Ninety percent of cancer is unrelated to genetics, she said, with 67 being the average age for a diagnosis of cancer in the United States . Cancer that occurs in the forties is considered an early diagosis. For a genetic link a family history of a first- or second-degree relative having cancer must have the disease. A first degree relative is mother, father, sibling or child; second-degree is aunts or uncles. Doctors don’t usually consider cousins because the genetic make-up is extremely varied by then. In addition to a close relative being diagnosed with nonsmoking-related cancer at a young age, another red flag is seeing the same type of cancer on the same side of a family.
Other risks to consider are having more than one type of cancer and a two-sided cancer (such as both breasts), cancers occurring in small group intermarriage situations, such as those of Ashkenazi Jewish ancestry or people on a small island who have had little contact outside that small area. Sudden unexplained death and syncope (losing consciousness more than one time without a clear reason) can be an indication of cancer. To determine if there is a genetic risk a patient needs to produce medical records of an affected relative, pathology and surgical reports, death certificates, autopsy reports and witness accounts of a sudden death.
Factors that should be considered when dealing with cancer are gender, age, family history, child bearing history, hormones taken, benign breast disease, lifestyle and radiation exposure. Having children at a young age seems to protect women from ovarian cancer, she said, as does use of oral contraceptives, but using hormone replacement therapy after menopause can be a contributing factor to having gynecological cancers. Lifestyle is also a factors, and being obese in your forties is not good.

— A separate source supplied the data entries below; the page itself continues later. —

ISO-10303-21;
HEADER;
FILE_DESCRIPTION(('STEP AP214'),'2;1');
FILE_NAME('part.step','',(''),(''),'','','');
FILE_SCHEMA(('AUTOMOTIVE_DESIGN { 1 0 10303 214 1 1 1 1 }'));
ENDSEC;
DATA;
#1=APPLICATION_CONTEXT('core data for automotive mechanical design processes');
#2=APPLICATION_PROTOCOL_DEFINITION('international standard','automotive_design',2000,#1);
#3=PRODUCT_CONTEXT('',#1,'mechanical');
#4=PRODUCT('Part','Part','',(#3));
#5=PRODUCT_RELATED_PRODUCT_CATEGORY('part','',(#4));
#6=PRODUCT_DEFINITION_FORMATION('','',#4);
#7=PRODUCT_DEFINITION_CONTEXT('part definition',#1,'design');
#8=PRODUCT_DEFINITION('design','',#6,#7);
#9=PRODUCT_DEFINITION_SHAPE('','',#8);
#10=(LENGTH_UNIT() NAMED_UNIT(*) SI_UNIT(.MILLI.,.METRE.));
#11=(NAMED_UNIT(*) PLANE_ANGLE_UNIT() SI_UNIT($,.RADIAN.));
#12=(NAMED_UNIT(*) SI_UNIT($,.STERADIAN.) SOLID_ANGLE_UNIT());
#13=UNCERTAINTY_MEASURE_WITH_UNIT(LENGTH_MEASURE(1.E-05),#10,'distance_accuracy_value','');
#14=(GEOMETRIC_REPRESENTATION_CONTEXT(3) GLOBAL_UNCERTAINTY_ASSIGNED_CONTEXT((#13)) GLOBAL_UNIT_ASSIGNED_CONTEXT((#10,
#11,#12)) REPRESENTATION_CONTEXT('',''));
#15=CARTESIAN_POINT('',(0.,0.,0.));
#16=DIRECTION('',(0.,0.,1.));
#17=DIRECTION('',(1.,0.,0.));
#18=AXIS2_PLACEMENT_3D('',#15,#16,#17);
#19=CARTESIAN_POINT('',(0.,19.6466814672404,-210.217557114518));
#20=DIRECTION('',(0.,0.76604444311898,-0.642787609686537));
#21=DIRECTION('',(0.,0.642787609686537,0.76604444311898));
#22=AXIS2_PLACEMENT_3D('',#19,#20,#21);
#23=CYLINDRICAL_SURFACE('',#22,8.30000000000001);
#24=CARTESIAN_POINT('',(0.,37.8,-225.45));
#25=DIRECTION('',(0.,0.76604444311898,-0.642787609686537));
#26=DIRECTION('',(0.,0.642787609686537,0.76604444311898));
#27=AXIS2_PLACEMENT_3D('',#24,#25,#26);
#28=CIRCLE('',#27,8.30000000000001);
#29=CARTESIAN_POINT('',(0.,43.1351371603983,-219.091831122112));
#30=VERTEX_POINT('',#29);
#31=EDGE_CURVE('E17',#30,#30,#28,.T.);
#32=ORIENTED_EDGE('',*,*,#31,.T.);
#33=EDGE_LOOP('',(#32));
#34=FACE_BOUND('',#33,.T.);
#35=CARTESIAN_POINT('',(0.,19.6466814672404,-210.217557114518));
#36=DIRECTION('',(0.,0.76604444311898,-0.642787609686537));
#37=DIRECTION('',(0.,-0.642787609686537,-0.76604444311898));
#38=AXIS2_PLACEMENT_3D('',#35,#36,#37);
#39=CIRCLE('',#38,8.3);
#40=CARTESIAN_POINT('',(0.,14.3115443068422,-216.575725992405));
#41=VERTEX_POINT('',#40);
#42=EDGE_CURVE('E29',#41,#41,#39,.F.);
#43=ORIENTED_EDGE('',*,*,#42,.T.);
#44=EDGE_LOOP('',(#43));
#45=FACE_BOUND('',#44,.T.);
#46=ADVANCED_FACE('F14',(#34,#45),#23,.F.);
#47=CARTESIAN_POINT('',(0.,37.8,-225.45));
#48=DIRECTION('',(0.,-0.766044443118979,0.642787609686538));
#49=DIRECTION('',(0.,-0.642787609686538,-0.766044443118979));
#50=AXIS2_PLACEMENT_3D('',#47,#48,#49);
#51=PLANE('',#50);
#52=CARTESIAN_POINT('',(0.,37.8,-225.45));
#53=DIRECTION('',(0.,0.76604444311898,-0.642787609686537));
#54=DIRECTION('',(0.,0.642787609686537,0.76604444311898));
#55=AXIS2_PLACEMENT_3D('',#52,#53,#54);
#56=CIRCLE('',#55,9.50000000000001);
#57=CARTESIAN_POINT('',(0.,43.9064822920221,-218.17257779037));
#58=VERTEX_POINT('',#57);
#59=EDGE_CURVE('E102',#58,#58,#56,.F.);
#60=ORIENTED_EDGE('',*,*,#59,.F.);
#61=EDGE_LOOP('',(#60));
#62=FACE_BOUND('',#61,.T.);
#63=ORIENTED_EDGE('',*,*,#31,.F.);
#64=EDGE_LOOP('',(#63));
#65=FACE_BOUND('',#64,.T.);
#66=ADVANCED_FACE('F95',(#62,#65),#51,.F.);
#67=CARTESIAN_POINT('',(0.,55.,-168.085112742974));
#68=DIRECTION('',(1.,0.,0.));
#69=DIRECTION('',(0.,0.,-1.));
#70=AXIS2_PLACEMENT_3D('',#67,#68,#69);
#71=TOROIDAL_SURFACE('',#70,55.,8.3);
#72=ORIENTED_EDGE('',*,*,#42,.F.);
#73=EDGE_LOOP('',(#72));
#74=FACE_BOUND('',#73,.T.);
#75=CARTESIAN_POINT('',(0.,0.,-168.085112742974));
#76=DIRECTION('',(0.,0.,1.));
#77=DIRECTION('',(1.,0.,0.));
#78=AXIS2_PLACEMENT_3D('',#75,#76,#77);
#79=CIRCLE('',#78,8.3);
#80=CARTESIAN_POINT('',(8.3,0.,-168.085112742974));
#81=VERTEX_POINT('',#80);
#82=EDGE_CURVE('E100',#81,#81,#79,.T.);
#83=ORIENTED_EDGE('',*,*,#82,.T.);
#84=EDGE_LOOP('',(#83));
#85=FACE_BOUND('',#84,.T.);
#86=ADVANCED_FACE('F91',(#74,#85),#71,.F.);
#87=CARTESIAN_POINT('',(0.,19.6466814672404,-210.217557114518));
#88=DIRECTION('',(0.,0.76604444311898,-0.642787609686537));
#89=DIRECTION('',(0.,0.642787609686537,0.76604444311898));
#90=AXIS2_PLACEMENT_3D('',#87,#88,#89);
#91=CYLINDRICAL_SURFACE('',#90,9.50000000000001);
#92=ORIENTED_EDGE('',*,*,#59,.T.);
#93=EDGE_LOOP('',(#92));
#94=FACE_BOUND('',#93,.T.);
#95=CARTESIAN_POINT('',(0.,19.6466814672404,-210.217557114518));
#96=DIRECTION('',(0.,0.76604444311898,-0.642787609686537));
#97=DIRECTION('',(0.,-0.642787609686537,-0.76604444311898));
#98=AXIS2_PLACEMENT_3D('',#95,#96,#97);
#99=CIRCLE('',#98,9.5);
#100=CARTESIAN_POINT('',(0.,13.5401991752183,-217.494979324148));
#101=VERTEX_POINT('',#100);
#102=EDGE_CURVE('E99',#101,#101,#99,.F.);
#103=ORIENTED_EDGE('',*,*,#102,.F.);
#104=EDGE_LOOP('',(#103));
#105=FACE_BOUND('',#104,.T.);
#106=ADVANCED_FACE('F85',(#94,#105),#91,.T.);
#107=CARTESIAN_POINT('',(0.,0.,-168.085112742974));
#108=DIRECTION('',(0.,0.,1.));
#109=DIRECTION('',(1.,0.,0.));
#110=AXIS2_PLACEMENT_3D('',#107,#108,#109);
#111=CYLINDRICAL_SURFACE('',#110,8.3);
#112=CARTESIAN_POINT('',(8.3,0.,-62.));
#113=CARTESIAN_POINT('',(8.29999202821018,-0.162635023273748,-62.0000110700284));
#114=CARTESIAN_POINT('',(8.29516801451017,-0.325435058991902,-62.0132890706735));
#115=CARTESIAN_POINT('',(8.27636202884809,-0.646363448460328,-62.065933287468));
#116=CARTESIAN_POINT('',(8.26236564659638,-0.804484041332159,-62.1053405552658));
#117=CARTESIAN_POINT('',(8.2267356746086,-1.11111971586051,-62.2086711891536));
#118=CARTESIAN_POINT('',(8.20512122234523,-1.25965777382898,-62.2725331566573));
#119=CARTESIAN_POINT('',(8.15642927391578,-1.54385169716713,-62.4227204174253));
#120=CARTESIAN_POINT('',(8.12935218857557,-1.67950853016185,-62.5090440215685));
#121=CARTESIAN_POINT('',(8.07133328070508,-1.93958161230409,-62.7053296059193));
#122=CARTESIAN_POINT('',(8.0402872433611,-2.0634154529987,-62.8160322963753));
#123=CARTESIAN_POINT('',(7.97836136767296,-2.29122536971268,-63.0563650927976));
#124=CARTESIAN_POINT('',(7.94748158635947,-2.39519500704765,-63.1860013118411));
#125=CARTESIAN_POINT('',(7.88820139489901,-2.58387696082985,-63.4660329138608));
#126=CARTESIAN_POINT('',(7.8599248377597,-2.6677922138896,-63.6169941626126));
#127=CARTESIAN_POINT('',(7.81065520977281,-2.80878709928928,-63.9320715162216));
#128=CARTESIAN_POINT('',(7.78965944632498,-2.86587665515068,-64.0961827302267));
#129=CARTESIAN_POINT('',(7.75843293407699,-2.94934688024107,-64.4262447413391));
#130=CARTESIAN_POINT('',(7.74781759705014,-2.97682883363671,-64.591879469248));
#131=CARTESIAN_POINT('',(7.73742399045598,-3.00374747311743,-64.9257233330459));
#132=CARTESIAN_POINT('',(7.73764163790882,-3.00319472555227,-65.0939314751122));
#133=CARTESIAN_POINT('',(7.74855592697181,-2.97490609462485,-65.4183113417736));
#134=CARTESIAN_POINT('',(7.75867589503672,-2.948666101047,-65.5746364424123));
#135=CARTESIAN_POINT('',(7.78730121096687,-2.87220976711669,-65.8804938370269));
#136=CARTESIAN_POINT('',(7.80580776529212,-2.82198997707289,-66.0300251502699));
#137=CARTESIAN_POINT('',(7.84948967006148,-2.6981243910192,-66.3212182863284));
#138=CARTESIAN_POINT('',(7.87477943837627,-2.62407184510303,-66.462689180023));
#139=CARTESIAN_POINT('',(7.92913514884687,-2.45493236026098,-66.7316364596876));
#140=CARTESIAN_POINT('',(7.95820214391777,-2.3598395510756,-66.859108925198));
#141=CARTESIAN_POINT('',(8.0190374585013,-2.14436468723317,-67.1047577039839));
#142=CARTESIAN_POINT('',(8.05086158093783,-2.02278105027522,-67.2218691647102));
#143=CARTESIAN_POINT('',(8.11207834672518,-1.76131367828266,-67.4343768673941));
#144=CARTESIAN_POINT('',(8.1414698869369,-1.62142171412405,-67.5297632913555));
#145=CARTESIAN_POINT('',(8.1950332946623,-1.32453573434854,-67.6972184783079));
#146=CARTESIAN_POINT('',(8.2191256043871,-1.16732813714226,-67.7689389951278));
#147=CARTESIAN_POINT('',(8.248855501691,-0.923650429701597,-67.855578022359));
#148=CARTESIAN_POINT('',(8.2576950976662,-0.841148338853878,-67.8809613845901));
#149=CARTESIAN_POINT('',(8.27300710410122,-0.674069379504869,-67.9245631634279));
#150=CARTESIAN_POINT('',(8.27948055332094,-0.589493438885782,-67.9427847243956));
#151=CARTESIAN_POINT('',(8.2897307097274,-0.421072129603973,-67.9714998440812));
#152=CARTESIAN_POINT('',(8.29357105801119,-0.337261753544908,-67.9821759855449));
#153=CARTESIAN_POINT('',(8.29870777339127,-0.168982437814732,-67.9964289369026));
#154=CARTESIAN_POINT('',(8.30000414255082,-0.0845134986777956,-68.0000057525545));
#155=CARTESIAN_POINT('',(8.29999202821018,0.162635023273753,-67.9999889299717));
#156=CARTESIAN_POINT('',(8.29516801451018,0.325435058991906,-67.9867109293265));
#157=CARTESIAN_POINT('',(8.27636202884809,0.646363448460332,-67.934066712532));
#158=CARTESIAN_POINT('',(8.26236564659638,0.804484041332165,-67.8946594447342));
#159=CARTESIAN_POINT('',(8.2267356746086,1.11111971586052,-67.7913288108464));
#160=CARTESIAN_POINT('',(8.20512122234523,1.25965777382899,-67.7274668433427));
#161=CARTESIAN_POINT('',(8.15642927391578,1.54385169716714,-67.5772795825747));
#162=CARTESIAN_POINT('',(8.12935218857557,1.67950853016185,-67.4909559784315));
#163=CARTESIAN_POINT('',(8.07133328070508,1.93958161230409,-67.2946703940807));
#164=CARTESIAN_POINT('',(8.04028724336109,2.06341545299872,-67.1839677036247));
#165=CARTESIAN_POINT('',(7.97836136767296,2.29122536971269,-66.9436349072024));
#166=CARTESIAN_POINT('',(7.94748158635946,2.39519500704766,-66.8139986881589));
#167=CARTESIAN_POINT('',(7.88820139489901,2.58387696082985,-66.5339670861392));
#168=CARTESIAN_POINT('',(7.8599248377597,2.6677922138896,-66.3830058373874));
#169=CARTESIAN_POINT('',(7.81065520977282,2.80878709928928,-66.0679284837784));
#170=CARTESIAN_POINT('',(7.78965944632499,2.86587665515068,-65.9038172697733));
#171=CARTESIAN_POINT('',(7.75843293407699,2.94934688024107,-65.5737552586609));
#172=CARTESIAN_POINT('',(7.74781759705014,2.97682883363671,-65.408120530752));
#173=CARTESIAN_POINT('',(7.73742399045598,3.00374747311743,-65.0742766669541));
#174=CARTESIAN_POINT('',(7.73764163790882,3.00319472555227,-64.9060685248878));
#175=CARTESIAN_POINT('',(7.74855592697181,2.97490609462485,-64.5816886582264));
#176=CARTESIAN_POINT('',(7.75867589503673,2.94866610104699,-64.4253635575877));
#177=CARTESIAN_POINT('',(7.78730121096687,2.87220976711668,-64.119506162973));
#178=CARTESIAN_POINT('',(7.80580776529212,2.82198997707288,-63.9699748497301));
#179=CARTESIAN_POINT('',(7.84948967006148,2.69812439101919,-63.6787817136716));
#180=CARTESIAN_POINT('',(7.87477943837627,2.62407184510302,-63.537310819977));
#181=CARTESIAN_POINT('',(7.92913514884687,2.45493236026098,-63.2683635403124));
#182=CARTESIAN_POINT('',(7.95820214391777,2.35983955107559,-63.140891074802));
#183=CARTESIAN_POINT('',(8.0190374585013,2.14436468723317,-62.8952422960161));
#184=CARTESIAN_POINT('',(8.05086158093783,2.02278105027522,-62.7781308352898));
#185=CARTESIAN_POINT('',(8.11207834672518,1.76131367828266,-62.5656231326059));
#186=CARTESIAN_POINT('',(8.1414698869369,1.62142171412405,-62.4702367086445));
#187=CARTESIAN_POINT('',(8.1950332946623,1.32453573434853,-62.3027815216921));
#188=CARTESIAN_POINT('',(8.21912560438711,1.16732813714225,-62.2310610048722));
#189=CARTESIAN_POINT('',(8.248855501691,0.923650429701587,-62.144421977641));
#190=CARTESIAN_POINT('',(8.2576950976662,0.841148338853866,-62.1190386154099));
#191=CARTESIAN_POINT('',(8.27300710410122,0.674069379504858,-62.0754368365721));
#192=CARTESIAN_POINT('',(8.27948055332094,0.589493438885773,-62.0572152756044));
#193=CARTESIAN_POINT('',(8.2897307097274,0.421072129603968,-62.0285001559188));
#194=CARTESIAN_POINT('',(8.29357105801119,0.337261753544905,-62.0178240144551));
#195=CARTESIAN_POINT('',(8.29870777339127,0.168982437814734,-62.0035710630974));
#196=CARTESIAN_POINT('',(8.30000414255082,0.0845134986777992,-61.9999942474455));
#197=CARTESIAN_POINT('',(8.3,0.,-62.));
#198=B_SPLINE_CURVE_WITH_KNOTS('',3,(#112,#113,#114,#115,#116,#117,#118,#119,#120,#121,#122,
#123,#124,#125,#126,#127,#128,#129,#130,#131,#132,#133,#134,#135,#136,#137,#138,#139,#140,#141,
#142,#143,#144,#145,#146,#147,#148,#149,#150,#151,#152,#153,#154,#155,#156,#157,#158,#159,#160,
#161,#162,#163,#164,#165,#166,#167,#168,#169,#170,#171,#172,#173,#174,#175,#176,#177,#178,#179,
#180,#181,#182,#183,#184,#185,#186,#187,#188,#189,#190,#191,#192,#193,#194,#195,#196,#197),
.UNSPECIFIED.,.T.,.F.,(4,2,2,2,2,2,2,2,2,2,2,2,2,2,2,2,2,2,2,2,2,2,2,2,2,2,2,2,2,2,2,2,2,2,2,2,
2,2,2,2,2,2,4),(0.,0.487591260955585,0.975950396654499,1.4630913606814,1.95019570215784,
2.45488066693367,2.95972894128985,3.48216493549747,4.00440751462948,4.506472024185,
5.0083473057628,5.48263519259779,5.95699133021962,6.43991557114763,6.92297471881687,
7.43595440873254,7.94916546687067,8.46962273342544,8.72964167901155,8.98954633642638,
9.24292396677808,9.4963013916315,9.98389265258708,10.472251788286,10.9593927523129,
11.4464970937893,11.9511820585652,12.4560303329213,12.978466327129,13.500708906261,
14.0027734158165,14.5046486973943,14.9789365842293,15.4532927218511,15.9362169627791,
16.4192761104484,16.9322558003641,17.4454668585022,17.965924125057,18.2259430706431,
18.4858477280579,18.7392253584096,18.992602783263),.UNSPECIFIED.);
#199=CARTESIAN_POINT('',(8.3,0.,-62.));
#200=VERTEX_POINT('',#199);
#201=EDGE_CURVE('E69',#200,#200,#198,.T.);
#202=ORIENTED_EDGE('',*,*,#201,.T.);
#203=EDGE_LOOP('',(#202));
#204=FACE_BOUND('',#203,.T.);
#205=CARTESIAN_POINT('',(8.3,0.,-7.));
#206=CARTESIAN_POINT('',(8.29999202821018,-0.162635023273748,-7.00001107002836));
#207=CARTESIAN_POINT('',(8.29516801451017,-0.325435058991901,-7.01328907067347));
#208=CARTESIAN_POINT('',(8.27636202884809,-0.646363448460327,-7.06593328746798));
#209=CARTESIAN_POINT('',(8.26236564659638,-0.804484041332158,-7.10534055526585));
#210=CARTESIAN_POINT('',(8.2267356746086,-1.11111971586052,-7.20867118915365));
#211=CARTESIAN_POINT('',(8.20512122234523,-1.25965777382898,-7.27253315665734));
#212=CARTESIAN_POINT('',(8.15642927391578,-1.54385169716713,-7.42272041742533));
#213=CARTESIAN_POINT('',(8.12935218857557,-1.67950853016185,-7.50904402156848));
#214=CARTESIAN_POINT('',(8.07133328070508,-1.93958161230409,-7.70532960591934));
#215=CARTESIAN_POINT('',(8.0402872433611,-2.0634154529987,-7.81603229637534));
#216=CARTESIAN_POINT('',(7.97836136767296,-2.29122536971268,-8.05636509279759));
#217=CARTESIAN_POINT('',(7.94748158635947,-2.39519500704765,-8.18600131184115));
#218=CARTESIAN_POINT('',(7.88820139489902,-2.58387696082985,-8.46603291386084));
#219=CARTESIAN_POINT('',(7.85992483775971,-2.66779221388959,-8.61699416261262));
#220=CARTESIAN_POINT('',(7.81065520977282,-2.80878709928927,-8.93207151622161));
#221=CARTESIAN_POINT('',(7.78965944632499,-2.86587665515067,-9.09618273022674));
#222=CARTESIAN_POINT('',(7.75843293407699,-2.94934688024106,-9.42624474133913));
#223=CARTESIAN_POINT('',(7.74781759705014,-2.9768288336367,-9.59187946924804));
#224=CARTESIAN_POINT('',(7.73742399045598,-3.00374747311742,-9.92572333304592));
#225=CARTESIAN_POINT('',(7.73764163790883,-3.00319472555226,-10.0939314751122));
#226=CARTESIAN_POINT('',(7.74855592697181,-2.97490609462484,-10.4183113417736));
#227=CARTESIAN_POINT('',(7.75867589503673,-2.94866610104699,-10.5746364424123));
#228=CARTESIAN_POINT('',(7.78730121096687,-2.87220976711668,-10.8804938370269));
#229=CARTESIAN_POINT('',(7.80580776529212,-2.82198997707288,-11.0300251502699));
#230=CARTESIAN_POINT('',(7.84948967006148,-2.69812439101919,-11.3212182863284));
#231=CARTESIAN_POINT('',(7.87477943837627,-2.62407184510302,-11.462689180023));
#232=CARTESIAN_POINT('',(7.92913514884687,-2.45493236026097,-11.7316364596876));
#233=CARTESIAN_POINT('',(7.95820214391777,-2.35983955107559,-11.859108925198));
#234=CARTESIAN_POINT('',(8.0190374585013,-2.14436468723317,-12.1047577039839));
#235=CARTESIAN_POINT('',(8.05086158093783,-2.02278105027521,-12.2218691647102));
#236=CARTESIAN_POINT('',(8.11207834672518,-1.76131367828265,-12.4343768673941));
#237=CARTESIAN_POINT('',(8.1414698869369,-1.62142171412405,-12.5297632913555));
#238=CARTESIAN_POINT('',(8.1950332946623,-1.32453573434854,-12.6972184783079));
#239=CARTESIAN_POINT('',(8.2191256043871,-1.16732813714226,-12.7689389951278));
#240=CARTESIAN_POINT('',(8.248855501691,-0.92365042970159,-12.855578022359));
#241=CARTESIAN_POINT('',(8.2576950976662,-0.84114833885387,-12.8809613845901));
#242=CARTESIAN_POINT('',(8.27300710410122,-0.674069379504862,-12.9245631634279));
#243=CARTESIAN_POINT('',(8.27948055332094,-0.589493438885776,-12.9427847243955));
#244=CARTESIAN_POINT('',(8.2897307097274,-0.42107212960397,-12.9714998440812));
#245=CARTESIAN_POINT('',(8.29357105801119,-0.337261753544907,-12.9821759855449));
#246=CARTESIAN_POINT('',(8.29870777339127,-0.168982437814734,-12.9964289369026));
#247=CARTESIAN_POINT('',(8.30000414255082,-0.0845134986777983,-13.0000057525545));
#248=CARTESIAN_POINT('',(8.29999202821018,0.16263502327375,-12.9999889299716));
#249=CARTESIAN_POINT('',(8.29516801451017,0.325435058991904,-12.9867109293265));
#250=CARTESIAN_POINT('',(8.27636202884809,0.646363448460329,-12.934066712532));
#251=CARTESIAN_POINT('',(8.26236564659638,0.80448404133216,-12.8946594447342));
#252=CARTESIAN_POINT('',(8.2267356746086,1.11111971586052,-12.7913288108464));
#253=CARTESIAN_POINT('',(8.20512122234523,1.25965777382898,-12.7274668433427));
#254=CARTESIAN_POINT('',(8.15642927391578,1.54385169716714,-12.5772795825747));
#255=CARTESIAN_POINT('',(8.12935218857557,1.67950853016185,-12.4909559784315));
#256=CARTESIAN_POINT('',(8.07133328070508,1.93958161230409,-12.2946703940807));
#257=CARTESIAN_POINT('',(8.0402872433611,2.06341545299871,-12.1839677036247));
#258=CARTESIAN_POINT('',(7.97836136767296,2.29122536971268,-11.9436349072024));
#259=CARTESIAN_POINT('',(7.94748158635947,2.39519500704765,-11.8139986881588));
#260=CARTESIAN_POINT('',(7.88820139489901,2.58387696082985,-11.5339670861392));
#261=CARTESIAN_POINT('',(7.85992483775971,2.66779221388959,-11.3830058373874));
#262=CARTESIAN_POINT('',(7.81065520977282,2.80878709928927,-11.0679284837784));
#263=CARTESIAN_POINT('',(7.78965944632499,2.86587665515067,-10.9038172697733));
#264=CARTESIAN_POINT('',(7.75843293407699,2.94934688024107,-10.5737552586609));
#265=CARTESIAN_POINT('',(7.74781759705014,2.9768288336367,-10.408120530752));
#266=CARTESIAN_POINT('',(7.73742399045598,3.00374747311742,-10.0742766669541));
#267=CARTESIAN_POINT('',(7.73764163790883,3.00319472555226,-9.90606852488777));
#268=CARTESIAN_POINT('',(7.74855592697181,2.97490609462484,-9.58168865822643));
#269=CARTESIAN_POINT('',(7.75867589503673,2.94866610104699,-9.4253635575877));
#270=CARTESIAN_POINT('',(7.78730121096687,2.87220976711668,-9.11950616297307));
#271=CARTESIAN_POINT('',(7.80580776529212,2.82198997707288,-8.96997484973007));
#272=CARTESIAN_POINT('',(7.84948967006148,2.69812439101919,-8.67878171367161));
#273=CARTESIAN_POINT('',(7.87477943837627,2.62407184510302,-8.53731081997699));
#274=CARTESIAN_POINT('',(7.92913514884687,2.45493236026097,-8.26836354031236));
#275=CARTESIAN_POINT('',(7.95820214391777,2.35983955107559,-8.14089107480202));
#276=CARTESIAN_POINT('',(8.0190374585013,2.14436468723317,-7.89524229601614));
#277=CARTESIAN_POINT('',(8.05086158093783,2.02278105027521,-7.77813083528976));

The BRCA -1 gene is responsible for 52 percent of breast and ovarian cancers and the BRCA-2 gene, 32 percent, Skyrznia said. Early menarche (under the age of 12) is an indicator of increased risk of gynecological cancers, and a first pregnancy after the age of 30 also indicates a high risk.
In the case of colon cancer, a history of polyps, especially more that five or six, a family history of that cancer, inflammatory bowel disease and lifestyle factors all put a person at risk. About 5 percent of the population will have colon cancer, Skyrznia said. If a close relative had colon cancer, then a patient should have a colonoscopy at an age 10 years before the age of that relative when he or she was diagnosed. There are few effective tests to diagnose pancreatic cancer, she said in response to a question from the audience, but having pancreatitis is a risk indicator Johns Hopkins is the hospital with the most advanced work on pancreatic cancer.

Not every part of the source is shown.